The code is fairly self explanatory, we’ll want to remove that early exit and instead handle the ISNULL_FUNC case in a separate if/else-if branch. The only special case is to handle conjunctive predicates. For example, col IS NULL OR col IS NULL still implies that col is a constant, but col = 5 OR col is NULL implies that col is not constant. We implement this by storing the IS NULL function itself as a sentinel in const_item to ensure consistency across OR branches.

if (func->functype() == Item_func::ISNULL_FUNC) {
    /*
      
    */
    if (equal(func->arguments()[0], order_item, order_field)) {
      if (*const_item != nullptr) {
        if (is_isnull_func(*const_item)) return true;  // val IS NULL OR val IS NULL is constant
        return false; // Otherwise it must be some other equality condition & an IS NULL
      }
      *const_item = func;
      return true;
    }

Similarly, we’ll need to edit the equality branch to ensure that we return false if the sentinel was set to the IS NULL function.

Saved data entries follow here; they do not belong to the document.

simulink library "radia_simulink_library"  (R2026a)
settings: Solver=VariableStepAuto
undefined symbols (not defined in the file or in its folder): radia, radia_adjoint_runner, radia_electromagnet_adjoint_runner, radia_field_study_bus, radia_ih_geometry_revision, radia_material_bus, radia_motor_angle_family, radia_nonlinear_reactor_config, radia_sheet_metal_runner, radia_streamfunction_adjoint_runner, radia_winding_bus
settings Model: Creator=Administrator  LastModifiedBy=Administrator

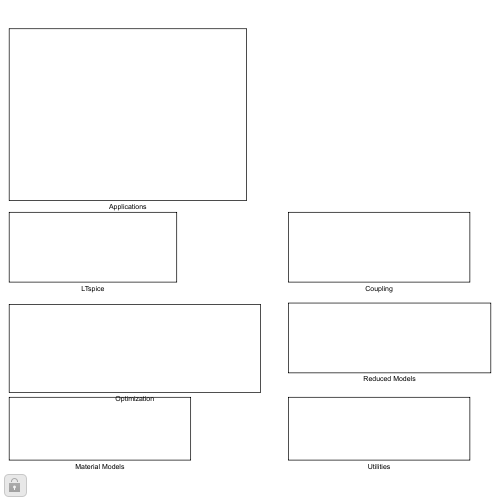
[thumbnail: Simulink's stored preview of the top-level diagram]
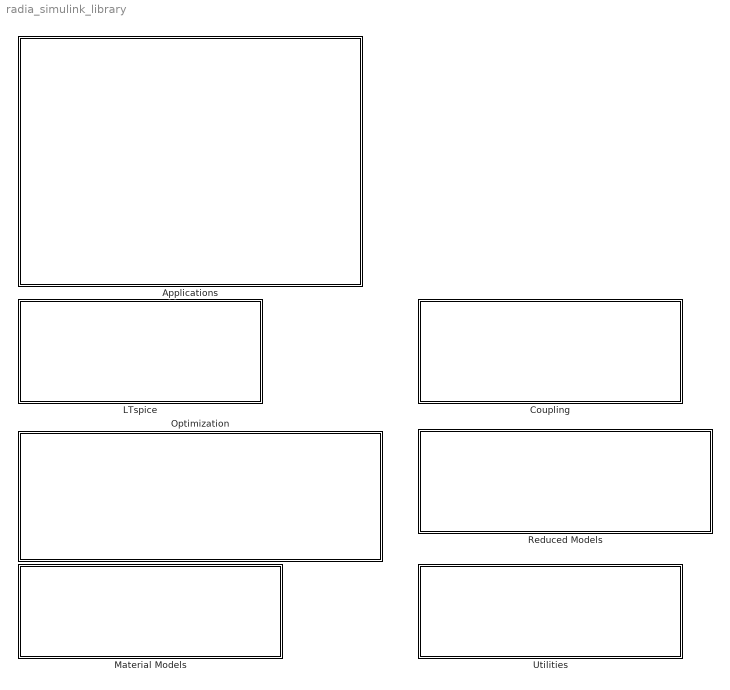
== system radia_simulink_library ==
  Applications : Subsystem
  Coupling : Subsystem
  LTspice : Subsystem
  Material Models : Subsystem
  Optimization : Subsystem
  Reduced Models : Subsystem
  Utilities : Subsystem

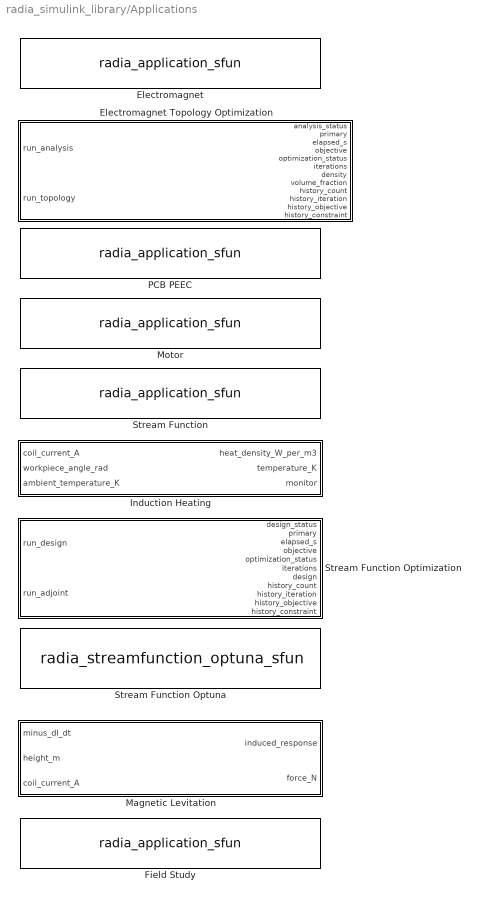
== system radia_simulink_library/Applications ==
  Electromagnet : M-S-Function  FunctionName=radia_application_sfun  Parameters='em', config_file, run_root, timeout_s, python_executable  mask{config_file='', run_root='C:\temp\radia_simulink', timeout_s=3600, python_executable='python'}
      mask prompts: config_file "Configuration JSON"; run_root "Run artifact root"; timeout_s "Timeout (s)"; python_executable "Python executable"
      mask help: Electromagnet batch analysis. Create settings with radia.simulink.writeApplicationConfig; a rising trigger executes the validated Radia headless CLI once.
      mask Display: disp('Electromagnet');port_label('input',1,'run');port_label('output',1,'status');port_label('output',2,'primary');port_label('output',3,'elapsed_s');
  Electromagnet Topology Optimization : Subsystem  Tag=RadiaElectromagnetTopology  mask{config_file='', run_root='C:\temp\radia_simulink', timeout_s=3600, python_executable='python', radia_electromagnet_adjoint_runner=radia_electromagnet_adjoint_runner, solver=mma, sample_time_s=1, history_capacity=96}
      mask prompts: config_file "Analysis configuration JSON"; run_root "Run artifact root"; timeout_s "Timeout (s)"; python_executable "Python executable"; radia_electromagnet_adjoint_runner "Electromagnet adjoint runner"; solver "Optimizer"; sample_time_s "Sample time (s)"; history_capacity "History capacity"
      mask help: Electromagnet batch analysis plus density topology optimization with one VIM state solve, one adjoint solve, and MMA/SQP.
      mask init:
      | radia.simulink.configureElectromagnetOptimizationSubsystem(gcb);
      mask TypeOptions solver: mma | sqp
      mask Display: disp('Electromagnet Topology Optimization');port_label('input',1,'run analysis');port_label('input',2,'run topology');port_label('output',1,'analysis_status');port_label('output',2,'primary');port_label('output',3,'elapsed_s');port_label('output',4,'objective');port_label('output',5,'optimization_status');port_label('output',6,'iterations');port_label('output',7,'density');port_label('output',8,'volume_fraction');port_label('output',9,'history_count');port_label('output',10,'history_iteration');port_label('output',11,'history_objective');port_label('output',12,'history_constraint');
  Field Study : M-S-Function  FunctionName=radia_application_sfun  Parameters='field', config_file, run_root, timeout_s, python_executable  mask{config_file='', run_root='C:\temp\radia_simulink', timeout_s=3600, python_executable='python'}
      mask prompts: config_file "Configuration JSON"; run_root "Run artifact root"; timeout_s "Timeout (s)"; python_executable "Python executable"
      mask help: Field Study batch analysis. Create settings with radia.simulink.writeApplicationConfig; a rising trigger executes the validated Radia headless CLI once.
      mask Display: disp('Field Study');port_label('input',1,'run');port_label('output',1,'status');port_label('output',2,'primary');port_label('output',3,'elapsed_s');
  Induction Heating : Subsystem  mask{config_file=}
      mask prompts: config_file "IHDesignSpec configuration"
      mask help: Native IH preview block. Readable Level-2 MATLAB Eddy and Thermal S-Functions use checked radia_mex handles; raw fields plus an IHMonitorBusV1 output expose physical weighted telemetry.
      mask init:
      | radia.simulink.makeIHMonitorBusObject();
      mask Callback config_file: radia.simulink.onIHConfigFileChanged(gcb);
      mask Display: disp('Induction Heating');port_label('input',1,'I');port_label('input',2,'theta_{work}');port_label('input',3,'T_{amb}');port_label('output',1,'q');port_label('output',2,'T');port_label('output',3,'monitor');
  Magnetic Levitation : Subsystem  Tag=RadiaMagLevFoster  mask{family=radia.simulink.makeMagLevSmokeFamily()}
      mask prompts: family "Shared-mode Foster family"
      mask help: Moving conductive-body HCurl plant in Foster modal form. One mode set is shared by every height; the block evaluates the induced response and reduced Lorentz force without per-step Python.
      mask Callback family: radia.simulink.onMagLevBlockFamilyChanged(gcb);
      mask Display: disp('Magnetic Levitation');port_label('input',1,'-dI/dt');port_label('input',2,'height');port_label('input',3,'I');port_label('output',1,'response');port_label('output',2,'F');
  Motor : M-S-Function  FunctionName=radia_application_sfun  Parameters='motor', config_file, run_root, timeout_s, python_executable  mask{config_file='', run_root='C:\temp\radia_simulink', timeout_s=3600, python_executable='python'}
      mask prompts: config_file "Configuration JSON"; run_root "Run artifact root"; timeout_s "Timeout (s)"; python_executable "Python executable"
      mask help: Motor batch analysis. Create settings with radia.simulink.writeApplicationConfig; a rising trigger executes the validated Radia headless CLI once.
      mask Display: disp('Motor');port_label('input',1,'run');port_label('output',1,'status');port_label('output',2,'primary');port_label('output',3,'elapsed_s');
  PCB PEEC : M-S-Function  FunctionName=radia_application_sfun  Parameters='pcb', config_file, run_root, timeout_s, python_executable  mask{config_file='', run_root='C:\temp\radia_simulink', timeout_s=3600, python_executable='python'}
      mask prompts: config_file "Configuration JSON"; run_root "Run artifact root"; timeout_s "Timeout (s)"; python_executable "Python executable"
      mask help: PCB PEEC batch analysis. Create settings with radia.simulink.writeApplicationConfig; a rising trigger executes the validated Radia headless CLI once.
      mask Display: disp('PCB PEEC');port_label('input',1,'run');port_label('output',1,'status');port_label('output',2,'primary');port_label('output',3,'elapsed_s');
  Stream Function : M-S-Function  FunctionName=radia_application_sfun  Parameters='streamfunction', config_file, run_root, timeout_s, python_executable  mask{config_file='', run_root='C:\temp\radia_simulink', timeout_s=3600, python_executable='python'}
      mask prompts: config_file "Configuration JSON"; run_root "Run artifact root"; timeout_s "Timeout (s)"; python_executable "Python executable"
      mask help: Stream Function batch analysis. Create settings with radia.simulink.writeApplicationConfig; a rising trigger executes the validated Radia headless CLI once.
      mask Display: disp('Stream Function');port_label('input',1,'run');port_label('output',1,'status');port_label('output',2,'primary');port_label('output',3,'elapsed_s');
  Stream Function Optimization : Subsystem  mask{config_file='', run_root='C:\temp\radia_simulink', timeout_s=3600, python_executable='python', radia_streamfunction_adjoint_runner=radia_streamfunction_adjoint_runner, solver=mma, sample_time_s=1, history_capacity=64}
      mask prompts: config_file "Design configuration JSON"; run_root "Run artifact root"; timeout_s "Timeout (s)"; python_executable "Python executable"; radia_streamfunction_adjoint_runner "Stream-function adjoint runner"; solver "Optimizer"; sample_time_s "Sample time (s)"; history_capacity "History capacity"
      mask help: Stream-function design/Pareto batch plus analytic MMA/SQP coefficient optimization and Simulink-native history plots.
      mask init:
      | radia.simulink.configureStreamFunctionOptimizationSubsystem(gcb);
      mask TypeOptions solver: mma | sqp
      mask Display: disp('Stream Function Optimization');port_label('input',1,'run design');port_label('input',2,'run adjoint');port_label('output',1,'design_status');port_label('output',2,'primary');port_label('output',3,'elapsed_s');port_label('output',4,'objective');port_label('output',5,'optimization_status');port_label('output',6,'iterations');port_label('output',7,'design');port_label('output',8,'history_count');port_label('output',9,'history_iteration');port_label('output',10,'history_objective');port_label('output',11,'history_constraint');
  Stream Function Optuna : M-S-Function  FunctionName=radia_streamfunction_optuna_sfun  Parameters=runner_variable,study_variable,num_trials,sample_time_s  mask{runner_variable='radia_streamfunction_optuna_runner', study_variable='radia_streamfunction_optuna_study', num_trials=20, sample_time_s=1}
      mask prompts: runner_variable "Optuna runner variable"; study_variable "Optuna study variable"; num_trials "Number of trials"; sample_time_s "Sample time (s)"
      mask help: MATLAB Optuna outer-loop search over explicit Stream Function ACA+/QR/TSVD batch analyses. One rising trigger runs the requested trials; Python is never called per simulation timestep.
      mask Display: disp('Stream Function Optuna');port_label('input',1,'run');port_label('output',1,'status');port_label('output',2,'best');port_label('output',3,'best trial');port_label('output',4,'completed');port_label('output',5,'failed');port_label('output',6,'pareto N');port_label('output',7,'elapsed_s');

== system radia_simulink_library/Coupling ==
  Field Study Configuration : Subsystem  mask(Radia Field Study){study_contract_variable='radia_field_study_contract', request_file=''}
      mask prompts: study_contract_variable "Field study contract"; request_file "Request JSON"
      mask help: Compile electrostatic, multi-conductor force, current-flow, steady/transient-heat, or linear/nonlinear harmonic-eddy setup to RadiaStudyBus. The Python/NGSolve solve runs once per explicit trigger, not per step.
      mask init:
      | radia.simulink.registerFieldStudy(string(study_contract_variable),RequestFile=string(request_file));
      mask Display: disp('Field Study');port_label('output',1,'study');
  Winding Dictionary : Subsystem  mask(Radia Winding Dictionary){windings_variable='radia_windings', material_contract_variable='radia_material_contract', max_windings=16, max_regions_per_winding=16, max_terminals=32}
      mask prompts: windings_variable "Windings dictionary"; material_contract_variable "Material contract"; max_windings "Maximum windings"; max_regions_per_winding "Maximum regions/winding"; max_terminals "Maximum terminals"
      mask help: Compile winding names, .vol regions, turns, polarity, parallel paths, resistance, and circuit terminals to a fixed-width Bus shared by native MEX and LTspice backends.
      mask init:
      | radia.simulink.registerWindingDictionary(string(windings_variable),string(material_contract_variable),MaxWindings=max_windings,MaxRegionsPerWinding=max_regions_per_winding,MaxTerminals=max_terminals);
      mask Display: disp('Winding Dictionary');port_label('output',1,'windings');

== system radia_simulink_library/LTspice ==
  Hysteretic LTspice Plant : M-S-Function  FunctionName=radia_hysteretic_ltspice_sfun  Parameters='', 1e-3, 'C:\temp\radia_hysteretic_ltspice_block'
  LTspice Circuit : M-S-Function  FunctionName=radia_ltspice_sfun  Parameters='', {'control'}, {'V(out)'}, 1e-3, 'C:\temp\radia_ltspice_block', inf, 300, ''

    if (equal(left, order_item, order_field)) {
      if (equality_determines_uniqueness(comp, left, right))
        candidate_const = right;
    } else if (equal(right, order_item, order_field)) {
      if (equality_determines_uniqueness(comp, right, left))
        candidate_const = left;
    }

    if (candidate_const) {
      if (*const_item != nullptr) {
        if (is_isnull_func(*const_item)) return false; // val = 5 OR val IS NULL is not a constant
        return candidate_const->eq(*const_item); // Otherwise just check that the constants we're equating to are the same. 
      }
      *const_item = candidate_const;
      return true;
    }

And that should be it. My first successful patch to the mysql-server codebase! I hope this blog was an instructive journey on how to debug weird database incidents & debugging the MySQL optimizer.